START GIVEN ENTRIES

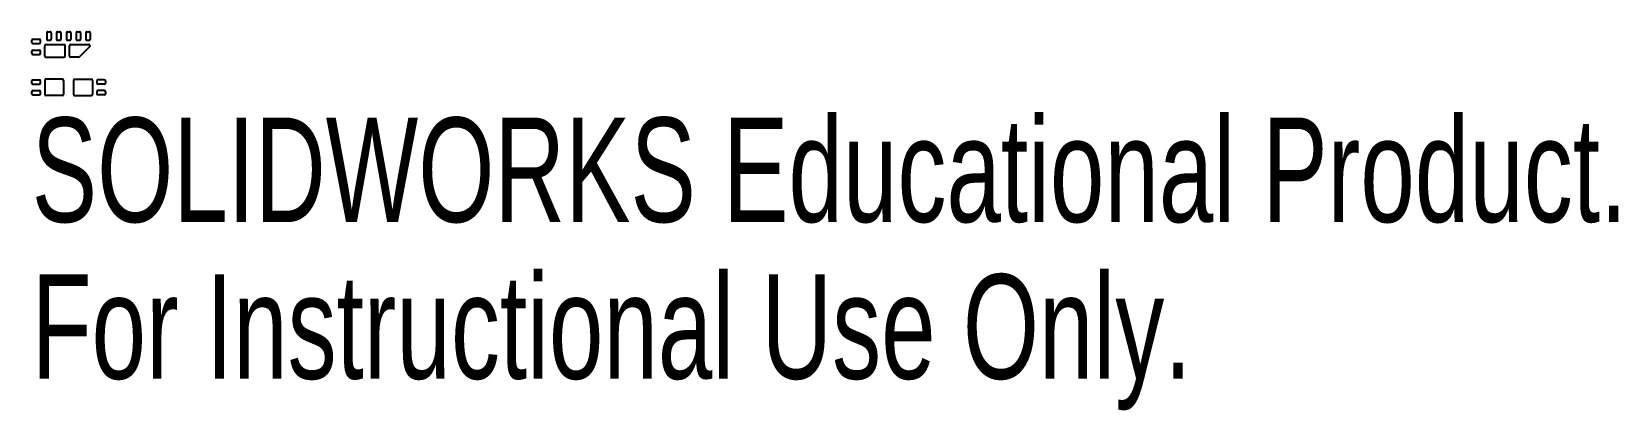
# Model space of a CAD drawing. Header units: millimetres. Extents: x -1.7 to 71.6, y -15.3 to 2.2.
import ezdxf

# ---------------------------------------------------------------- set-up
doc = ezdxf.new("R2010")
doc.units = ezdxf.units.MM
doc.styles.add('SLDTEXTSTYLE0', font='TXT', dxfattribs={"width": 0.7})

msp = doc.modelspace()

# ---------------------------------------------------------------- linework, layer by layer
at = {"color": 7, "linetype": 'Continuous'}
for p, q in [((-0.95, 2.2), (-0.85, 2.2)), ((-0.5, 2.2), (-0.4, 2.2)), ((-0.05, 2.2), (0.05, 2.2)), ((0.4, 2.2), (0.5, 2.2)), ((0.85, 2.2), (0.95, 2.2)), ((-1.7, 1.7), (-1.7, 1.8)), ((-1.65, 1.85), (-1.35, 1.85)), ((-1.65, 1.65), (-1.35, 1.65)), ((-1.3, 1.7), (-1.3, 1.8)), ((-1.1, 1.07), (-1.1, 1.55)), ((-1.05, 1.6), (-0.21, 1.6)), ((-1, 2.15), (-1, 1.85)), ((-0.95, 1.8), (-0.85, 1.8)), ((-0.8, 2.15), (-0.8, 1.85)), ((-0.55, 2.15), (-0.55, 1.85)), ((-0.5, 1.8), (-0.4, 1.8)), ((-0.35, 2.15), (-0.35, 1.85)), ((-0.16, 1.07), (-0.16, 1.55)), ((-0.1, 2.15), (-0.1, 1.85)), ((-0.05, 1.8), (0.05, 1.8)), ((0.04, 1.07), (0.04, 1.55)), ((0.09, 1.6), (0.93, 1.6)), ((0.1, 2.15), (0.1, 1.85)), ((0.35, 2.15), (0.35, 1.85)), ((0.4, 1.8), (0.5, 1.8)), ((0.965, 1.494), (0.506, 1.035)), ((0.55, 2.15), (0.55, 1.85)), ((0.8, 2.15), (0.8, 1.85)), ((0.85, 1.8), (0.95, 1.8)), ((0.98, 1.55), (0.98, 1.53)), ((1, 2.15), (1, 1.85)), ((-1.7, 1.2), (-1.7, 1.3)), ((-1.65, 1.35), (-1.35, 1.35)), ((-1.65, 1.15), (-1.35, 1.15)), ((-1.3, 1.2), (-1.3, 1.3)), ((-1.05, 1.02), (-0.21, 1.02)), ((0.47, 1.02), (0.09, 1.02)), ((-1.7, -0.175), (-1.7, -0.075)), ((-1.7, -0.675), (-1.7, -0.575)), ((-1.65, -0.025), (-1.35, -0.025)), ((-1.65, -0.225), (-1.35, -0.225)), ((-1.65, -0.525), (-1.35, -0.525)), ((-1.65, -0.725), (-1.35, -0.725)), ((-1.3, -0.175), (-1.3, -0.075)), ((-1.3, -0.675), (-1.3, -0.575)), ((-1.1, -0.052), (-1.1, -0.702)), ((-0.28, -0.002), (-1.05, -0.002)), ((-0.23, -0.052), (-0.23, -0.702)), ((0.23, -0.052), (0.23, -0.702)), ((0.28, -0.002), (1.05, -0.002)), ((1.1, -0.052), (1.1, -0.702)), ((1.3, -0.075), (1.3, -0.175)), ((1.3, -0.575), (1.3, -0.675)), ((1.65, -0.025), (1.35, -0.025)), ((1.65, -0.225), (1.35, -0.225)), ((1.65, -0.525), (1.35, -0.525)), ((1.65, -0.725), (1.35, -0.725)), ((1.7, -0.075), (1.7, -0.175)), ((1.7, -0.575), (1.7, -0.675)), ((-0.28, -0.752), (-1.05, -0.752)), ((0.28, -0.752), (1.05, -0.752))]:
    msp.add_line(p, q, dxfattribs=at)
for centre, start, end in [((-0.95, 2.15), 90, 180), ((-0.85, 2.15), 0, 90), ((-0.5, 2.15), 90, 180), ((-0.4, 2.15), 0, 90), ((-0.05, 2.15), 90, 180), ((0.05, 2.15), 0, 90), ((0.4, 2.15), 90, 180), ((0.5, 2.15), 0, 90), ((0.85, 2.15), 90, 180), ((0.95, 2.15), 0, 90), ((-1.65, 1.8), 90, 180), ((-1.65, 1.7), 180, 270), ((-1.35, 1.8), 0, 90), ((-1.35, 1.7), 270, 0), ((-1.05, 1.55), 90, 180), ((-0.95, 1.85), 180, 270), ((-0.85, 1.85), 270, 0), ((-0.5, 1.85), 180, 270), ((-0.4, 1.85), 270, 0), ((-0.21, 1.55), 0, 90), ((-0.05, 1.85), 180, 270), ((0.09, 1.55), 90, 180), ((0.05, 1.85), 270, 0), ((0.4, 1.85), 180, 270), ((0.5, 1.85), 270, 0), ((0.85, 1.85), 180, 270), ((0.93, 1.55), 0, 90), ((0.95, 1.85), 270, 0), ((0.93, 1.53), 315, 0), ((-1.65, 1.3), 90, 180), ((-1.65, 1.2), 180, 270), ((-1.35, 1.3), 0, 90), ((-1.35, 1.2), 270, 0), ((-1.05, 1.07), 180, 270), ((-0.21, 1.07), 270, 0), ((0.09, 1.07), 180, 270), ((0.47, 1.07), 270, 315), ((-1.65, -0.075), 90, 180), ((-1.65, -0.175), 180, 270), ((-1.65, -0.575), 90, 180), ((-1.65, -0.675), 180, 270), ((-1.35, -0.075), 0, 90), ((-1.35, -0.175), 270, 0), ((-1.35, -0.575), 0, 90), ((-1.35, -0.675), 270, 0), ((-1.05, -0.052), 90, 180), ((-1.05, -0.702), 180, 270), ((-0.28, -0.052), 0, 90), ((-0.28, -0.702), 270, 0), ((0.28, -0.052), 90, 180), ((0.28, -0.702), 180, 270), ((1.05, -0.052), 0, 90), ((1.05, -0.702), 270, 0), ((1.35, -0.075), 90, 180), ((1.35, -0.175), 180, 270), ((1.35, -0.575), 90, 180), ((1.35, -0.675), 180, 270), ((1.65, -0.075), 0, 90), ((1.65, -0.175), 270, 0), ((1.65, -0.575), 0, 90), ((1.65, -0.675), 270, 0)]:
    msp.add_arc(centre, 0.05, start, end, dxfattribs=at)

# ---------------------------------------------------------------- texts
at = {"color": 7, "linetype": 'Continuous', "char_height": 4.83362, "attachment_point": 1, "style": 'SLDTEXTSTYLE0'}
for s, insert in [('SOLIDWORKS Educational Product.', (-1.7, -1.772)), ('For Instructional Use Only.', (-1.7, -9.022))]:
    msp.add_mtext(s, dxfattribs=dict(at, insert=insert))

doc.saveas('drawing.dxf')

END GIVEN ENTRIES

Taking every line of the records above into account, tally those that contain "drawing" and give only the total.

◆ YOUR RESPONSE
2